┌─ Data

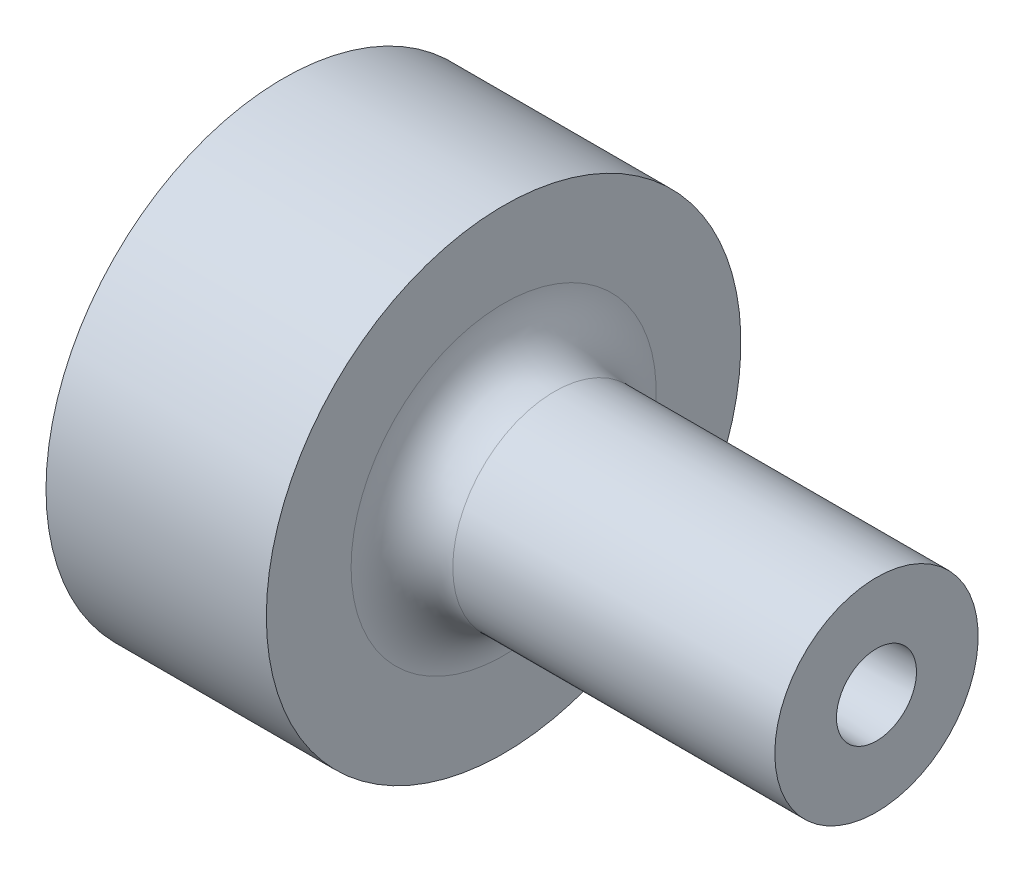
ISO-10303-21;
HEADER;
FILE_DESCRIPTION(('STEP AP214'),'2;1');
FILE_NAME('part.step','',(''),(''),'','','');
FILE_SCHEMA(('AUTOMOTIVE_DESIGN { 1 0 10303 214 1 1 1 1 }'));
ENDSEC;
DATA;
#1=APPLICATION_CONTEXT('core data for automotive mechanical design processes');
#2=APPLICATION_PROTOCOL_DEFINITION('international standard','automotive_design',2000,#1);
#3=PRODUCT_CONTEXT('',#1,'mechanical');
#4=PRODUCT('Part','Part','',(#3));
#5=PRODUCT_RELATED_PRODUCT_CATEGORY('part','',(#4));
#6=PRODUCT_DEFINITION_FORMATION('','',#4);
#7=PRODUCT_DEFINITION_CONTEXT('part definition',#1,'design');
#8=PRODUCT_DEFINITION('design','',#6,#7);
#9=PRODUCT_DEFINITION_SHAPE('','',#8);
#10=(LENGTH_UNIT() NAMED_UNIT(*) SI_UNIT(.MILLI.,.METRE.));
#11=(NAMED_UNIT(*) PLANE_ANGLE_UNIT() SI_UNIT($,.RADIAN.));
#12=(NAMED_UNIT(*) SI_UNIT($,.STERADIAN.) SOLID_ANGLE_UNIT());
#13=UNCERTAINTY_MEASURE_WITH_UNIT(LENGTH_MEASURE(1.E-05),#10,'distance_accuracy_value','');
#14=(GEOMETRIC_REPRESENTATION_CONTEXT(3) GLOBAL_UNCERTAINTY_ASSIGNED_CONTEXT((#13)) GLOBAL_UNIT_ASSIGNED_CONTEXT((#10,
#11,#12)) REPRESENTATION_CONTEXT('',''));
#15=CARTESIAN_POINT('',(0.,0.,0.));
#16=DIRECTION('',(0.,0.,1.));
#17=DIRECTION('',(1.,0.,0.));
#18=AXIS2_PLACEMENT_3D('',#15,#16,#17);
#19=CARTESIAN_POINT('',(0.,0.,0.));
#20=DIRECTION('',(-1.,0.,0.));
#21=DIRECTION('',(0.,0.,1.));
#22=AXIS2_PLACEMENT_3D('',#19,#20,#21);
#23=CYLINDRICAL_SURFACE('',#22,14.);
#24=CARTESIAN_POINT('',(13.,0.,0.));
#25=DIRECTION('',(-1.,0.,0.));
#26=DIRECTION('',(0.,0.,1.));
#27=AXIS2_PLACEMENT_3D('',#24,#25,#26);
#28=CIRCLE('',#27,14.);
#29=CARTESIAN_POINT('',(13.,0.,14.));
#30=VERTEX_POINT('',#29);
#31=EDGE_CURVE('E89',#30,#30,#28,.T.);
#32=ORIENTED_EDGE('',*,*,#31,.T.);
#33=EDGE_LOOP('',(#32));
#34=FACE_BOUND('',#33,.T.);
#35=CARTESIAN_POINT('',(0.,0.,0.));
#36=DIRECTION('',(-1.,0.,0.));
#37=DIRECTION('',(0.,0.,1.));
#38=AXIS2_PLACEMENT_3D('',#35,#36,#37);
#39=CIRCLE('',#38,14.);
#40=CARTESIAN_POINT('',(0.,0.,14.));
#41=VERTEX_POINT('',#40);
#42=EDGE_CURVE('E84',#41,#41,#39,.T.);
#43=ORIENTED_EDGE('',*,*,#42,.F.);
#44=EDGE_LOOP('',(#43));
#45=FACE_BOUND('',#44,.T.);
#46=CARTESIAN_POINT('',(6.5,-13.856406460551,-2.));
#47=CARTESIAN_POINT('',(6.61172417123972,-13.8564082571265,-1.99999534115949));
#48=CARTESIAN_POINT('',(6.72351471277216,-13.8577723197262,-1.99060664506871));
#49=CARTESIAN_POINT('',(6.9439746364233,-13.8630779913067,-1.95330740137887));
#50=CARTESIAN_POINT('',(7.05264079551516,-13.8670221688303,-1.92537839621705));
#51=CARTESIAN_POINT('',(7.26362870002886,-13.8770324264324,-1.85184738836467));
#52=CARTESIAN_POINT('',(7.36595507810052,-13.8830969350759,-1.80625847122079));
#53=CARTESIAN_POINT('',(7.56148972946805,-13.8966626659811,-1.69873175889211));
#54=CARTESIAN_POINT('',(7.65469934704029,-13.9041636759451,-1.63679637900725));
#55=CARTESIAN_POINT('',(7.83004829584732,-13.9198182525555,-1.49785346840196));
#56=CARTESIAN_POINT('',(7.91211171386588,-13.9279757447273,-1.42075056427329));
#57=CARTESIAN_POINT('',(8.06218155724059,-13.9439890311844,-1.25386707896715));
#58=CARTESIAN_POINT('',(8.13018723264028,-13.9518448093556,-1.16408582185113));
#59=CARTESIAN_POINT('',(8.25048909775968,-13.9664103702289,-0.973910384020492));
#60=CARTESIAN_POINT('',(8.30271571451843,-13.9731150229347,-0.873471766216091));
#61=CARTESIAN_POINT('',(8.38953073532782,-13.9845795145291,-0.665136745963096));
#62=CARTESIAN_POINT('',(8.4241199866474,-13.9893394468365,-0.557240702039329));
#63=CARTESIAN_POINT('',(8.47444920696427,-13.9963505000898,-0.337834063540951));
#64=CARTESIAN_POINT('',(8.49031606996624,-13.9986185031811,-0.226353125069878));
#65=CARTESIAN_POINT('',(8.5031438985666,-14.0004479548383,-0.00228956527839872));
#66=CARTESIAN_POINT('',(8.50010582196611,-14.0000095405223,0.110292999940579));
#67=CARTESIAN_POINT('',(8.47531062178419,-13.9964890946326,0.33249899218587));
#68=CARTESIAN_POINT('',(8.45369000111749,-13.9934263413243,0.442137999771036));
#69=CARTESIAN_POINT('',(8.39255744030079,-13.9850228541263,0.656215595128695));
#70=CARTESIAN_POINT('',(8.3530450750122,-13.9796820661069,0.760654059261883));
#71=CARTESIAN_POINT('',(8.25710925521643,-13.9672894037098,0.961781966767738));
#72=CARTESIAN_POINT('',(8.20062784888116,-13.9602316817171,1.05844339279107));
#73=CARTESIAN_POINT('',(8.07239950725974,-13.9451926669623,1.24096782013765));
#74=CARTESIAN_POINT('',(8.00065165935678,-13.9372113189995,1.32683017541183));
#75=CARTESIAN_POINT('',(7.843165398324,-13.921132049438,1.48612299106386));
#76=CARTESIAN_POINT('',(7.75730786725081,-13.9130337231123,1.55943569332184));
#77=CARTESIAN_POINT('',(7.57444547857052,-13.8977029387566,1.69062989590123));
#78=CARTESIAN_POINT('',(7.47744056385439,-13.890470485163,1.74851131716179));
#79=CARTESIAN_POINT('',(7.27491971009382,-13.8776905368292,1.84721301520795));
#80=CARTESIAN_POINT('',(7.1693981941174,-13.8721441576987,1.88802200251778));
#81=CARTESIAN_POINT('',(6.95290242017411,-13.8633846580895,1.9513062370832));
#82=CARTESIAN_POINT('',(6.84192850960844,-13.8601713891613,1.97378265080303));
#83=CARTESIAN_POINT('',(6.61872346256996,-13.8564698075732,1.99960390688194));
#84=CARTESIAN_POINT('',(6.50651197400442,-13.8559577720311,2.00311531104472));
#85=CARTESIAN_POINT('',(6.28310219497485,-13.8576537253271,1.9913480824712));
#86=CARTESIAN_POINT('',(6.17190387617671,-13.8598616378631,1.9760699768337));
#87=CARTESIAN_POINT('',(5.95418781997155,-13.8667269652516,1.92729837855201));
#88=CARTESIAN_POINT('',(5.84765127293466,-13.8713733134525,1.8938871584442));
#89=CARTESIAN_POINT('',(5.6416912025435,-13.8825829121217,1.80988306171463));
#90=CARTESIAN_POINT('',(5.54226800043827,-13.8891462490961,1.75928940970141));
#91=CARTESIAN_POINT('',(5.35260812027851,-13.9035064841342,1.64195360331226));
#92=CARTESIAN_POINT('',(5.26243903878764,-13.911311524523,1.57510320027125));
#93=CARTESIAN_POINT('',(5.09454027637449,-13.9272509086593,1.42730277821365));
#94=CARTESIAN_POINT('',(5.01681123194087,-13.9353852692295,1.34635203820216));
#95=CARTESIAN_POINT('',(4.8754047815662,-13.9511405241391,1.17191708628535));
#96=CARTESIAN_POINT('',(4.81183747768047,-13.9587570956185,1.07834317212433));
#97=CARTESIAN_POINT('',(4.70132443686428,-13.972552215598,0.881748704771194));
#98=CARTESIAN_POINT('',(4.65437828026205,-13.9787308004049,0.778728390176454));
#99=CARTESIAN_POINT('',(4.57861788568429,-13.9889347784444,0.566515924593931));
#100=CARTESIAN_POINT('',(4.54974241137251,-13.9929674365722,0.457345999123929));
#101=CARTESIAN_POINT('',(4.51074453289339,-13.9984555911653,0.235645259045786));
#102=CARTESIAN_POINT('',(4.50062101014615,-13.9999112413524,0.123114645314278));
#103=CARTESIAN_POINT('',(4.49943976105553,-14.0000800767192,-0.101043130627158));
#104=CARTESIAN_POINT('',(4.50821318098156,-13.998817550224,-0.212669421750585));
#105=CARTESIAN_POINT('',(4.54421615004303,-13.9937406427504,-0.432842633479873));
#106=CARTESIAN_POINT('',(4.57144565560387,-13.989926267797,-0.541389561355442));
#107=CARTESIAN_POINT('',(4.6435299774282,-13.9801722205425,-0.752283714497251));
#108=CARTESIAN_POINT('',(4.68837418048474,-13.9742338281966,-0.854634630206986));
#109=CARTESIAN_POINT('',(4.79439714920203,-13.960885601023,-1.05038570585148));
#110=CARTESIAN_POINT('',(4.8555763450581,-13.9534757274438,-1.14378562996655));
#111=CARTESIAN_POINT('',(4.99314771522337,-13.9379304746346,-1.31984194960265));
#112=CARTESIAN_POINT('',(5.06966490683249,-13.9297894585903,-1.40240016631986));
#113=CARTESIAN_POINT('',(5.2354775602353,-13.9137422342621,-1.55356716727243));
#114=CARTESIAN_POINT('',(5.32477602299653,-13.9058360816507,-1.6221726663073));
#115=CARTESIAN_POINT('',(5.51414543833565,-13.8911108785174,-1.74379523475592));
#116=CARTESIAN_POINT('',(5.61426869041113,-13.8842975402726,-1.79673154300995));
#117=CARTESIAN_POINT('',(5.82203229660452,-13.8725962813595,-1.88495902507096));
#118=CARTESIAN_POINT('',(5.92966459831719,-13.8677063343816,-1.92026877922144));
#119=CARTESIAN_POINT('',(6.11483642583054,-13.8615529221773,-1.96409255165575));
#120=CARTESIAN_POINT('',(6.19122433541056,-13.859633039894,-1.97753762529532));
#121=CARTESIAN_POINT('',(6.34506419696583,-13.857059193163,-1.99549291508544));
#122=CARTESIAN_POINT('',(6.42251613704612,-13.8564052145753,-2.00000323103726));
#123=CARTESIAN_POINT('',(6.5,-13.856406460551,-2.));
#124=B_SPLINE_CURVE_WITH_KNOTS('',3,(#46,#47,#48,#49,#50,#51,#52,#53,#54,#55,#56,#57,#58,#59,
#60,#61,#62,#63,#64,#65,#66,#67,#68,#69,#70,#71,#72,#73,#74,#75,#76,#77,#78,#79,#80,#81,#82,#83,
#84,#85,#86,#87,#88,#89,#90,#91,#92,#93,#94,#95,#96,#97,#98,#99,#100,#101,#102,#103,#104,#105,
#106,#107,#108,#109,#110,#111,#112,#113,#114,#115,#116,#117,#118,#119,#120,#121,#122,#123),
.UNSPECIFIED.,.T.,.F.,(4,2,2,2,2,2,2,2,2,2,2,2,2,2,2,2,2,2,2,2,2,2,2,2,2,2,2,2,2,2,2,2,2,2,2,2,
2,2,4),(0.,0.334889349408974,0.670112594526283,1.00508792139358,1.34001378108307,
1.6771171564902,2.01423851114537,2.35282530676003,2.6913958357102,3.02765822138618,
3.36390357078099,3.69769984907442,4.03150405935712,4.36646147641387,4.70143892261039,
5.03940517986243,5.37737316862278,5.7155642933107,6.05373389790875,6.3889286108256,
6.72411392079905,7.05779100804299,7.39148315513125,7.72746121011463,8.06345644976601,
8.40197921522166,8.74049343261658,9.07785422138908,9.41519488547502,9.74953375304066,
10.083871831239,10.4180087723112,10.7521545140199,11.0891434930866,11.426211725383,
11.7649881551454,12.103406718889,12.3356645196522,12.5679197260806),.UNSPECIFIED.);
#125=CARTESIAN_POINT('',(6.5,-13.856406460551,-2.));
#126=VERTEX_POINT('',#125);
#127=EDGE_CURVE('E10',#126,#126,#124,.T.);
#128=ORIENTED_EDGE('',*,*,#127,.F.);
#129=EDGE_LOOP('',(#128));
#130=FACE_BOUND('',#129,.T.);
#131=ADVANCED_FACE('F16',(#34,#45,#130),#23,.T.);
#132=CARTESIAN_POINT('',(0.,0.,0.));
#133=DIRECTION('',(1.,0.,0.));
#134=DIRECTION('',(0.,0.,-1.));
#135=AXIS2_PLACEMENT_3D('',#132,#133,#134);
#136=CONICAL_SURFACE('',#135,1.75,0.0174532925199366);
#137=CARTESIAN_POINT('',(35.,0.,0.));
#138=DIRECTION('',(-1.,0.,0.));
#139=DIRECTION('',(0.,0.,1.));
#140=AXIS2_PLACEMENT_3D('',#137,#138,#139);
#141=CIRCLE('',#140,2.36092727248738);
#142=CARTESIAN_POINT('',(35.,0.,2.36092727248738));
#143=VERTEX_POINT('',#142);
#144=EDGE_CURVE('E81',#143,#143,#141,.T.);
#145=ORIENTED_EDGE('',*,*,#144,.F.);
#146=EDGE_LOOP('',(#145));
#147=FACE_BOUND('',#146,.T.);
#148=CARTESIAN_POINT('',(1.08679639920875,0.,0.));
#149=DIRECTION('',(-1.,0.,0.));
#150=DIRECTION('',(0.,0.,1.));
#151=AXIS2_PLACEMENT_3D('',#148,#149,#150);
#152=CIRCLE('',#151,1.76897010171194);
#153=CARTESIAN_POINT('',(1.08679639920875,0.,1.76897010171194));
#154=VERTEX_POINT('',#153);
#155=EDGE_CURVE('E94',#154,#154,#152,.F.);
#156=ORIENTED_EDGE('',*,*,#155,.F.);
#157=EDGE_LOOP('',(#156));
#158=FACE_BOUND('',#157,.T.);
#159=ADVANCED_FACE('F45',(#147,#158),#136,.F.);
#160=CARTESIAN_POINT('',(16.,0.,0.));
#161=DIRECTION('',(-1.,0.,0.));
#162=DIRECTION('',(0.,0.,1.));
#163=AXIS2_PLACEMENT_3D('',#160,#161,#162);
#164=TOROIDAL_SURFACE('',#163,9.,3.);
#165=CARTESIAN_POINT('',(13.,0.,0.));
#166=DIRECTION('',(-1.,0.,0.));
#167=DIRECTION('',(0.,0.,1.));
#168=AXIS2_PLACEMENT_3D('',#165,#166,#167);
#169=CIRCLE('',#168,9.);
#170=CARTESIAN_POINT('',(13.,0.,9.));
#171=VERTEX_POINT('',#170);
#172=EDGE_CURVE('E91',#171,#171,#169,.T.);
#173=ORIENTED_EDGE('',*,*,#172,.F.);
#174=EDGE_LOOP('',(#173));
#175=FACE_BOUND('',#174,.T.);
#176=CARTESIAN_POINT('',(16.,0.,0.));
#177=DIRECTION('',(-1.,0.,0.));
#178=DIRECTION('',(0.,0.,1.));
#179=AXIS2_PLACEMENT_3D('',#176,#177,#178);
#180=CIRCLE('',#179,6.);
#181=CARTESIAN_POINT('',(16.,0.,6.));
#182=VERTEX_POINT('',#181);
#183=EDGE_CURVE('E28',#182,#182,#180,.T.);
#184=ORIENTED_EDGE('',*,*,#183,.T.);
#185=EDGE_LOOP('',(#184));
#186=FACE_BOUND('',#185,.T.);
#187=ADVANCED_FACE('F18',(#175,#186),#164,.F.);
#188=CARTESIAN_POINT('',(0.,0.,0.));
#189=DIRECTION('',(-1.,0.,0.));
#190=DIRECTION('',(0.,0.,1.));
#191=AXIS2_PLACEMENT_3D('',#188,#189,#190);
#192=CYLINDRICAL_SURFACE('',#191,6.);
#193=ORIENTED_EDGE('',*,*,#183,.F.);
#194=EDGE_LOOP('',(#193));
#195=FACE_BOUND('',#194,.T.);
#196=CARTESIAN_POINT('',(35.,0.,0.));
#197=DIRECTION('',(-1.,0.,0.));
#198=DIRECTION('',(0.,0.,1.));
#199=AXIS2_PLACEMENT_3D('',#196,#197,#198);
#200=CIRCLE('',#199,6.);
#201=CARTESIAN_POINT('',(35.,0.,6.));
#202=VERTEX_POINT('',#201);
#203=EDGE_CURVE('E80',#202,#202,#200,.T.);
#204=ORIENTED_EDGE('',*,*,#203,.T.);
#205=EDGE_LOOP('',(#204));
#206=FACE_BOUND('',#205,.T.);
#207=ADVANCED_FACE('F66',(#195,#206),#192,.T.);
#208=CARTESIAN_POINT('',(35.,6.,0.));
#209=DIRECTION('',(-1.,0.,0.));
#210=DIRECTION('',(0.,0.,1.));
#211=AXIS2_PLACEMENT_3D('',#208,#209,#210);
#212=PLANE('',#211);
#213=ORIENTED_EDGE('',*,*,#203,.F.);
#214=EDGE_LOOP('',(#213));
#215=FACE_BOUND('',#214,.T.);
#216=ORIENTED_EDGE('',*,*,#144,.T.);
#217=EDGE_LOOP('',(#216));
#218=FACE_BOUND('',#217,.T.);
#219=ADVANCED_FACE('F62',(#215,#218),#212,.F.);
#220=CARTESIAN_POINT('',(0.,1.75,0.));
#221=DIRECTION('',(1.,0.,0.));
#222=DIRECTION('',(0.,0.,-1.));
#223=AXIS2_PLACEMENT_3D('',#220,#221,#222);
#224=PLANE('',#223);
#225=CARTESIAN_POINT('',(0.,0.,0.));
#226=DIRECTION('',(-1.,0.,0.));
#227=DIRECTION('',(0.,0.,1.));
#228=AXIS2_PLACEMENT_3D('',#225,#226,#227);
#229=CIRCLE('',#228,5.);
#230=CARTESIAN_POINT('',(0.,0.,5.));
#231=VERTEX_POINT('',#230);
#232=EDGE_CURVE('E97',#231,#231,#229,.T.);
#233=ORIENTED_EDGE('',*,*,#232,.F.);
#234=EDGE_LOOP('',(#233));
#235=FACE_BOUND('',#234,.T.);
#236=ORIENTED_EDGE('',*,*,#42,.T.);
#237=EDGE_LOOP('',(#236));
#238=FACE_BOUND('',#237,.T.);
#239=ADVANCED_FACE('F60',(#235,#238),#224,.F.);
#240=CARTESIAN_POINT('',(13.,14.,0.));
#241=DIRECTION('',(-1.,0.,0.));
#242=DIRECTION('',(0.,0.,1.));
#243=AXIS2_PLACEMENT_3D('',#240,#241,#242);
#244=PLANE('',#243);
#245=ORIENTED_EDGE('',*,*,#31,.F.);
#246=EDGE_LOOP('',(#245));
#247=FACE_BOUND('',#246,.T.);
#248=ORIENTED_EDGE('',*,*,#172,.T.);
#249=EDGE_LOOP('',(#248));
#250=FACE_BOUND('',#249,.T.);
#251=ADVANCED_FACE('F58',(#247,#250),#244,.F.);
#252=CARTESIAN_POINT('',(-37.3349076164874,0.,0.));
#253=DIRECTION('',(-1.,0.,0.));
#254=DIRECTION('',(0.,0.,1.));
#255=AXIS2_PLACEMENT_3D('',#252,#253,#254);
#256=DEGENERATE_TOROIDAL_SURFACE('',#255,9.35634609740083,40.,.F.);
#257=ORIENTED_EDGE('',*,*,#232,.T.);
#258=EDGE_LOOP('',(#257));
#259=FACE_BOUND('',#258,.T.);
#260=ORIENTED_EDGE('',*,*,#155,.T.);
#261=EDGE_LOOP('',(#260));
#262=FACE_BOUND('',#261,.T.);
#263=ADVANCED_FACE('F41',(#259,#262),#256,.T.);
#264=CARTESIAN_POINT('',(6.5,-14.,0.));
#265=DIRECTION('',(0.,-1.,0.));
#266=DIRECTION('',(0.,0.,-1.));
#267=AXIS2_PLACEMENT_3D('',#264,#265,#266);
#268=CYLINDRICAL_SURFACE('',#267,2.);
#269=CARTESIAN_POINT('',(6.5,-8.,0.));
#270=DIRECTION('',(0.,-1.,0.));
#271=DIRECTION('',(0.,0.,-1.));
#272=AXIS2_PLACEMENT_3D('',#269,#270,#271);
#273=CIRCLE('',#272,2.);
#274=CARTESIAN_POINT('',(6.5,-8.,-2.));
#275=VERTEX_POINT('',#274);
#276=EDGE_CURVE('E100',#275,#275,#273,.T.);
#277=ORIENTED_EDGE('',*,*,#276,.F.);
#278=EDGE_LOOP('',(#277));
#279=FACE_BOUND('',#278,.T.);
#280=ORIENTED_EDGE('',*,*,#127,.T.);
#281=EDGE_LOOP('',(#280));
#282=FACE_BOUND('',#281,.T.);
#283=ADVANCED_FACE('F33',(#279,#282),#268,.F.);
#284=CARTESIAN_POINT('',(6.5,-6.84529946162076,0.));
#285=DIRECTION('',(0.,-1.,0.));
#286=DIRECTION('',(0.,0.,-1.));
#287=AXIS2_PLACEMENT_3D('',#284,#285,#286);
#288=CONICAL_SURFACE('',#287,0.,1.0471975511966);
#289=ORIENTED_EDGE('',*,*,#276,.T.);
#290=EDGE_LOOP('',(#289));
#291=FACE_BOUND('',#290,.T.);
#292=CARTESIAN_POINT('',(6.5,-6.84529946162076,0.));
#293=VERTEX_POINT('',#292);
#294=VERTEX_LOOP('',#293);
#295=FACE_BOUND('',#294,.T.);
#296=ADVANCED_FACE('F31',(#291,#295),#288,.F.);
#297=CLOSED_SHELL('',(#131,#159,#187,#207,#219,#239,#251,#263,#283,#296));
#298=MANIFOLD_SOLID_BREP('B1',#297);
#299=ADVANCED_BREP_SHAPE_REPRESENTATION('',(#18,#298),#14);
#300=SHAPE_DEFINITION_REPRESENTATION(#9,#299);
ENDSEC;
END-ISO-10303-21;

└─

* _The problem_:
Starting at the line above that contains "#195=FACE_BOUND('',#194,.T.);", repeat each line exactly up to and including the line that contains "#203=EDGE_CURVE('E80',#202,#202,#200,.T.);", and stop there.

* _Output of the exercise_:
#195=FACE_BOUND('',#194,.T.);
#196=CARTESIAN_POINT('',(35.,0.,0.));
#197=DIRECTION('',(-1.,0.,0.));
#198=DIRECTION('',(0.,0.,1.));
#199=AXIS2_PLACEMENT_3D('',#196,#197,#198);
#200=CIRCLE('',#199,6.);
#201=CARTESIAN_POINT('',(35.,0.,6.));
#202=VERTEX_POINT('',#201);
#203=EDGE_CURVE('E80',#202,#202,#200,.T.);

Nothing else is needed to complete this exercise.